=== Begin Enclosure ===

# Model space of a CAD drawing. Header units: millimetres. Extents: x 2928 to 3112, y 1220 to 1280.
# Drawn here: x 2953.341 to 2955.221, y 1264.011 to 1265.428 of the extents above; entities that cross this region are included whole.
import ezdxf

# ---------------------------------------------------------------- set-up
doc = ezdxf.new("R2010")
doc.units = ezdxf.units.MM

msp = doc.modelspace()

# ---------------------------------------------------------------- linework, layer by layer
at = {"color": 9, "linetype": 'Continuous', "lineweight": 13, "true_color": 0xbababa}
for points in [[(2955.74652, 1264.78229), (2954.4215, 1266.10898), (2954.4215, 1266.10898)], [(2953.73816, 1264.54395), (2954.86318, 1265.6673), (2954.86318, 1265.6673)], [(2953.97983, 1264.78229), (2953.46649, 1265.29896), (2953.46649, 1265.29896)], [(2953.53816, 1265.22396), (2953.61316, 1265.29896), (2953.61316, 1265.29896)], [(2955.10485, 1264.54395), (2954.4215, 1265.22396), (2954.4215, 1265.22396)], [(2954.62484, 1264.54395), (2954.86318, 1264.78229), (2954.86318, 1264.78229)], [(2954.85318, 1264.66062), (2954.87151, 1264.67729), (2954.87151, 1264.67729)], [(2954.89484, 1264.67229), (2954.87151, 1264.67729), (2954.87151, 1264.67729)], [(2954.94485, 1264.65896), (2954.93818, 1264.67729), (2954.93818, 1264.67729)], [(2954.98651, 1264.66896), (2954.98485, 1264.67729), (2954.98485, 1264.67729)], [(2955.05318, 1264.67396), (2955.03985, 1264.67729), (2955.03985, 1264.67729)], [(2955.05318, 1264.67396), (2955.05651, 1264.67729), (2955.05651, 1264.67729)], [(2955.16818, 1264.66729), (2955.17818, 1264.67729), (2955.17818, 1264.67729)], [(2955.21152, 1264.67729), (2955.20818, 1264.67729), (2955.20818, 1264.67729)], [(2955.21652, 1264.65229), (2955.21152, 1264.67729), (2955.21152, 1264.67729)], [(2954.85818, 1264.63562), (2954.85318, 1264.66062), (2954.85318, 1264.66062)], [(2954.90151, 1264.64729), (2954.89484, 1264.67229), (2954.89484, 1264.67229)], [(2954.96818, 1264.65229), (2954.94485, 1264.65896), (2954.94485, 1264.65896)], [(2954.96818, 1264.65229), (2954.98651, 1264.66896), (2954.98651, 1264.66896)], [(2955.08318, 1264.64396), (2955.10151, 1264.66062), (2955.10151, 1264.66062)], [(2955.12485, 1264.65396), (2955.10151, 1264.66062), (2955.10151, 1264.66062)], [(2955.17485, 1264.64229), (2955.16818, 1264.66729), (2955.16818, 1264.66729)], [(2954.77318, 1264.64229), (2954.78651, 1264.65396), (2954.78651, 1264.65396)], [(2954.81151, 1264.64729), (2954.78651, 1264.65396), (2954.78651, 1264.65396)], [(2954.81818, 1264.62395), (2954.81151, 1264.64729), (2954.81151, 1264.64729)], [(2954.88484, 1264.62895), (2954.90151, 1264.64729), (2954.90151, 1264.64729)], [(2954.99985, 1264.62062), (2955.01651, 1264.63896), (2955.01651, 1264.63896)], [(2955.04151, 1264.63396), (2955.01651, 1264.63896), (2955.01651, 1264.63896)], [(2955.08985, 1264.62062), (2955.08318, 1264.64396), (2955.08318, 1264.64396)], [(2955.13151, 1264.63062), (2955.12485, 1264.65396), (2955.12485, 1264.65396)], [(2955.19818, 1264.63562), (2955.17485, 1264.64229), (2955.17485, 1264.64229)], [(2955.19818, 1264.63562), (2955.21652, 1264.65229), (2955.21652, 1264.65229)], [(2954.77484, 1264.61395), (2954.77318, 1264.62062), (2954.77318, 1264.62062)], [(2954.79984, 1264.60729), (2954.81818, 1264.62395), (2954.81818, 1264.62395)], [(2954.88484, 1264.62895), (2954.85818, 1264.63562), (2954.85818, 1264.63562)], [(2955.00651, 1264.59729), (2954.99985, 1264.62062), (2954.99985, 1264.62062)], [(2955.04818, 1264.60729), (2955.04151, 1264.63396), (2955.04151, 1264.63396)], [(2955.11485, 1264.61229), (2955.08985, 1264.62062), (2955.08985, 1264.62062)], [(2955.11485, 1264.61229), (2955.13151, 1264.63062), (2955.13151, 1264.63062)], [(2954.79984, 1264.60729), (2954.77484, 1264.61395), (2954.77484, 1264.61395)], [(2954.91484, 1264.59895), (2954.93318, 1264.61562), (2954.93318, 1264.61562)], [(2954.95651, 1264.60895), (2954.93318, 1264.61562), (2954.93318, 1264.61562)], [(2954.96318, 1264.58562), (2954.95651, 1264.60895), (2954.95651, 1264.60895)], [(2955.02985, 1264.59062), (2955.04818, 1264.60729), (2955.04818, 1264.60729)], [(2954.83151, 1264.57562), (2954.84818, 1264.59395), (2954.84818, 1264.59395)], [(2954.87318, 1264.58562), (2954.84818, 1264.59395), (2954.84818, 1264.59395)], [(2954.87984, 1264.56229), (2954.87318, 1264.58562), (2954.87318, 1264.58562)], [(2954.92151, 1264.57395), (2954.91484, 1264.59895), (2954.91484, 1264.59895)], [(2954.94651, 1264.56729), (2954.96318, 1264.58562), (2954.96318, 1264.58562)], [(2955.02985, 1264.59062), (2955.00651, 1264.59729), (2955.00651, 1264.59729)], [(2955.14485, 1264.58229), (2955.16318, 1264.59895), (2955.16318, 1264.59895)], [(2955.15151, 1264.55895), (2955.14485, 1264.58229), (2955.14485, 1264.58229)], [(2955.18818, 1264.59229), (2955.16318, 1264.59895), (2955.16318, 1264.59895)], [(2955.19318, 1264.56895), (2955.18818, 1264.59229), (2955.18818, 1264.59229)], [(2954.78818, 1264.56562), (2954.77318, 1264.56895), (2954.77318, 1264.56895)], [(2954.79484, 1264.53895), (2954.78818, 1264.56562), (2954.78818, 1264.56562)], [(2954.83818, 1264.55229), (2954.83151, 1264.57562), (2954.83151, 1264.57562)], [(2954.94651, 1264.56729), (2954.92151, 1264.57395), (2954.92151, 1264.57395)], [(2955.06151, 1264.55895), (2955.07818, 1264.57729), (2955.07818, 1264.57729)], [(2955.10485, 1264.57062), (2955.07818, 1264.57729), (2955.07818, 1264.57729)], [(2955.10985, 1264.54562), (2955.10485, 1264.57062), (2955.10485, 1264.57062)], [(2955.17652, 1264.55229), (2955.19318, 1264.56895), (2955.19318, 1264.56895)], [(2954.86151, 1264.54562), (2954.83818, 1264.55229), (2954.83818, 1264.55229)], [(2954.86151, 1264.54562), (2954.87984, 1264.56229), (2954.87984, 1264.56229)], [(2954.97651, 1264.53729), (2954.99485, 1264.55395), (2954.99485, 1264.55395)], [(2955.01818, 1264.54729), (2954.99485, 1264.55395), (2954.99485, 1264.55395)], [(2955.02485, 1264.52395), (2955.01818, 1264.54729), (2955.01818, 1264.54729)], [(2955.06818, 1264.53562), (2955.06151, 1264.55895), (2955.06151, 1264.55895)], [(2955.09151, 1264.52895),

=== End Enclosure ===

● Your instructions
Among the entries above, identify all lines with "units" and copy them.

● Response box
# Model space of a CAD drawing. Header units: millimetres. Extents: x 2928 to 3112, y 1220 to 1280.
doc.units = ezdxf.units.MM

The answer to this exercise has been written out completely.